Ketika ibu mertua sakit, putri-putrinya menjauh darinya. Mereka tidak lagi mengatakan ibu mereka dapat mengandalkan putrinya saat ia sudah tua, dan mereka tidak memberinya uang sepeser pun. Istri-istri saudara ipar saya juga tidak peduli padanya. Saya berpikir, “Saya seorang praktisi, dan tidak dapat mengabaikannya. Saya harus menunjukkan kepada orang-orang bahwa Dafa itu lurus dan baik. Karena saya seorang praktisi, saya harus menggunakan kebaikan untuk menyelesaikan masalah ini.”

Setelah suami saya meninggal, saya masih membawa pangsit dan makanan untuk ibu mertua. Kakak ipar tertua mengakui bahwa saya lebih merawat ibu mertua daripada anak-anaknya sendiri.

Ibu mertua memiliki empat orang putri. Mereka sering membuat masalah saat datang berkunjung. Setelah ibu mertua meninggal, manajer pemakaman bertanya, “Siapa yang akan menampung putri-putrinya saat mereka datang?” Kakak ipar tertua dan kedua mengatakan mereka tidak akan menerima mereka. Manajer bertanya apakah saya akan menjamu mereka. Saya berkata, “Mereka dapat datang ke rumah saya untuk makan malam.”

Selama Festival Qingming, para saudara laki-laki bergantian menjamu para saudari perempuan, tetapi mereka tidak menyediakan makanan apa pun. Ketika tiba giliran saya, saya berkata, “Saya akan menyediakan makanan hari ini. Ayo kita pergi ke restoran.”

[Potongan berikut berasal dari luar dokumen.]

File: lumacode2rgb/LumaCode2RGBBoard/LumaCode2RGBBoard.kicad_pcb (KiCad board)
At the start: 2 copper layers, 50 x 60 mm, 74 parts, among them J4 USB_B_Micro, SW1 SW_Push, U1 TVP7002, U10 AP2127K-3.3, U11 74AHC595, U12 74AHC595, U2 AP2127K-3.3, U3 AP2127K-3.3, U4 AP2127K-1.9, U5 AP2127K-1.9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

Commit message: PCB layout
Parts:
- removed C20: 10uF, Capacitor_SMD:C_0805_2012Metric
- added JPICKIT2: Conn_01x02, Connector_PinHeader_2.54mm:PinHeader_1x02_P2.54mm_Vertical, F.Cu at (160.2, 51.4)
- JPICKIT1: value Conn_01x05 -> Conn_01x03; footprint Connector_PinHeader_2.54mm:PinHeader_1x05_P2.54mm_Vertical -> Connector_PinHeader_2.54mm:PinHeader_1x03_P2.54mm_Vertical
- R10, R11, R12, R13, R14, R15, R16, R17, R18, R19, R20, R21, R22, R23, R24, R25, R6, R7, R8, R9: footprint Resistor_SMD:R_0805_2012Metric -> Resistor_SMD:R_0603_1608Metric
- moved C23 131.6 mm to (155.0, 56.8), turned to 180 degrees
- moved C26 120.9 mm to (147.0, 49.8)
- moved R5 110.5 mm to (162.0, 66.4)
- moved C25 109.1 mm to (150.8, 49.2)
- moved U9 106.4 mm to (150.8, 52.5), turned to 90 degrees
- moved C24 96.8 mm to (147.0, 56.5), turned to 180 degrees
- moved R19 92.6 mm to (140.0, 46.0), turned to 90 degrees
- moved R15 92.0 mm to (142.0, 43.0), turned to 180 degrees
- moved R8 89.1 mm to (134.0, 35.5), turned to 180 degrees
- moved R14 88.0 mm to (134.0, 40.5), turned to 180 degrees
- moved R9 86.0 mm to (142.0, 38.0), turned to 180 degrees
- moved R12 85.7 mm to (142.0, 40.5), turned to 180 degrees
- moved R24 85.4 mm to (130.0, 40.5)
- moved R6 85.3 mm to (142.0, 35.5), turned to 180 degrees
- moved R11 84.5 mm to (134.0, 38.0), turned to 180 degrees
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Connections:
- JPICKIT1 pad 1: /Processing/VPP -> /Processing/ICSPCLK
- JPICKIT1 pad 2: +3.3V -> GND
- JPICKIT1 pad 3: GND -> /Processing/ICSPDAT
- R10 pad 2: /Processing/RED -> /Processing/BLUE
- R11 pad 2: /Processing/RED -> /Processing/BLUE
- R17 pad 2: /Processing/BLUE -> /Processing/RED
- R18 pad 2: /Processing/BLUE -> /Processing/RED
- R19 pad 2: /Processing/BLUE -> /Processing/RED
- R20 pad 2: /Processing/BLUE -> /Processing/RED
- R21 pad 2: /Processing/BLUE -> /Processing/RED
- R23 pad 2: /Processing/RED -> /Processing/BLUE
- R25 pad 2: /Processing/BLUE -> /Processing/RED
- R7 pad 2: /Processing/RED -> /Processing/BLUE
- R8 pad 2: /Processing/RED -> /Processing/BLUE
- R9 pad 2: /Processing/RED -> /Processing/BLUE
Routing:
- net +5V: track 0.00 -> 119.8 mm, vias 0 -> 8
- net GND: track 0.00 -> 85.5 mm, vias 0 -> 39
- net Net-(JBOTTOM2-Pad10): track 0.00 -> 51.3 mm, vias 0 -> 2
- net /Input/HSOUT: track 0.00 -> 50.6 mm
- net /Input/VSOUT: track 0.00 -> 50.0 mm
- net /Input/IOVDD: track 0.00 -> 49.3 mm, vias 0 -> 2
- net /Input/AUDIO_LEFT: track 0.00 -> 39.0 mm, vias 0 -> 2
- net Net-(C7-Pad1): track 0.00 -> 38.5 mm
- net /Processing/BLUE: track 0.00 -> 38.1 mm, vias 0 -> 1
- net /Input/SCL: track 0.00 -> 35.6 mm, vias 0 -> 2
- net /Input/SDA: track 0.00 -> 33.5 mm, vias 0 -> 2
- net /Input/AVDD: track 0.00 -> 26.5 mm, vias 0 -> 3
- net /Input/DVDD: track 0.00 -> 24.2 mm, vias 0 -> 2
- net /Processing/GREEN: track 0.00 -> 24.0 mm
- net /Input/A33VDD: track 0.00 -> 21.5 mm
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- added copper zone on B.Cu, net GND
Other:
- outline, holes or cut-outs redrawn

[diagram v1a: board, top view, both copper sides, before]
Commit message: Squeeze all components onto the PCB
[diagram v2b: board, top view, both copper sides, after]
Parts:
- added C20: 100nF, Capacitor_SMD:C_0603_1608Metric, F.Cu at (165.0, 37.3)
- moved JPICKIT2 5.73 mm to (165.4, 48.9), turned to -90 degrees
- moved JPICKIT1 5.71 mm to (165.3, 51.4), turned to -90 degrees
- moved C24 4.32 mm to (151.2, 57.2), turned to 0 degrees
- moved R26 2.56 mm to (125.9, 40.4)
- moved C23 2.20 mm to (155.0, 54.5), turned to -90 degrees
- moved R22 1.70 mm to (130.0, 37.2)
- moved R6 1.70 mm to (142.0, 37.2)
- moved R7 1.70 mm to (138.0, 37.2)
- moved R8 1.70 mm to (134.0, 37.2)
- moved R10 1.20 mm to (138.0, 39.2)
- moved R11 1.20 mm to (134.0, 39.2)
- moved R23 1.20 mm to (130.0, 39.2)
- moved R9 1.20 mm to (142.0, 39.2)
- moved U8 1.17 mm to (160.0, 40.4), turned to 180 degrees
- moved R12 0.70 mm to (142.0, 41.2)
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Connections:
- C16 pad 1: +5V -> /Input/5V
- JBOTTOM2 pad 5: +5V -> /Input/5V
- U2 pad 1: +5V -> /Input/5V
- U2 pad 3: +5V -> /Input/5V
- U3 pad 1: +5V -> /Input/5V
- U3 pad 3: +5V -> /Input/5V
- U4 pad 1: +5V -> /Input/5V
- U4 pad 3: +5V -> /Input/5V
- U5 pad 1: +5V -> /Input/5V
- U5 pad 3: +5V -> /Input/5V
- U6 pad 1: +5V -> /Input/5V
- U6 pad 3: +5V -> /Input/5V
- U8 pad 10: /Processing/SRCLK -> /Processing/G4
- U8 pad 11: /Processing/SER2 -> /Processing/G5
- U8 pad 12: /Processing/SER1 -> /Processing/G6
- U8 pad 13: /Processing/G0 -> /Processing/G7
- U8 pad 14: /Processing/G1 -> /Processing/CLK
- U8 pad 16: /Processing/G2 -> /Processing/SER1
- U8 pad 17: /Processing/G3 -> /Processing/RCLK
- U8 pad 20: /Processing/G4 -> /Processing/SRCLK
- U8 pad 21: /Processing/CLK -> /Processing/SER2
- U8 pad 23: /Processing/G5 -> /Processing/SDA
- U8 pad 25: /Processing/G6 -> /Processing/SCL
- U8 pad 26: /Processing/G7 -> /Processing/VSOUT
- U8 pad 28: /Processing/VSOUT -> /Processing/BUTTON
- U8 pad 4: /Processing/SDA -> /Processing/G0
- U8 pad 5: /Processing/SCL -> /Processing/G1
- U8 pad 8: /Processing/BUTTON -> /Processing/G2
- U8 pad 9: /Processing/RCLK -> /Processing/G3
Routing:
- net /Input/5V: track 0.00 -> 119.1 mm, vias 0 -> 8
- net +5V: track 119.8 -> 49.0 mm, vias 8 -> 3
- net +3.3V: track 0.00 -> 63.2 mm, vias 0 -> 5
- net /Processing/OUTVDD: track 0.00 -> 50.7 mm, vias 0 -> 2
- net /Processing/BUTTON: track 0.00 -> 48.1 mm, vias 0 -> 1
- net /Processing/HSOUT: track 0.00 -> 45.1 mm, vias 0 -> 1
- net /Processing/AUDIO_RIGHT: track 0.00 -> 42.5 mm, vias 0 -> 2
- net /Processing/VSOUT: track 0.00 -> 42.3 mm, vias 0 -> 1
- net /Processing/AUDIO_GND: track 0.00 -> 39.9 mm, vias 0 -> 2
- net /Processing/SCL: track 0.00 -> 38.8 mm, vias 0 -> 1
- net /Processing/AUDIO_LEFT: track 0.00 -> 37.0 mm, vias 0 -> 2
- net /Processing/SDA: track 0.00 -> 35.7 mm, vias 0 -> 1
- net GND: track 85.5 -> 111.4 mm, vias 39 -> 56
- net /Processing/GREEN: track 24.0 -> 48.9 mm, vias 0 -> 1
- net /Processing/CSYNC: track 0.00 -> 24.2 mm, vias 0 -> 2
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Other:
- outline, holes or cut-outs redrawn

Setelah ibu mertua meninggal, tidak ada yang peduli dengan kakak ipar tertua ketika dia berkunjung. Saya seorang praktisi, dan saya memperlakukan orang lain dengan baik. Sebelum dia pergi, saya memintanya untuk datang ke rumah saya untuk makan malam. Dia menangis dan berkata kepada putri saya, “Ibumu adalah orang yang paling berjasa dan saya berhutang budi banyak padanya.”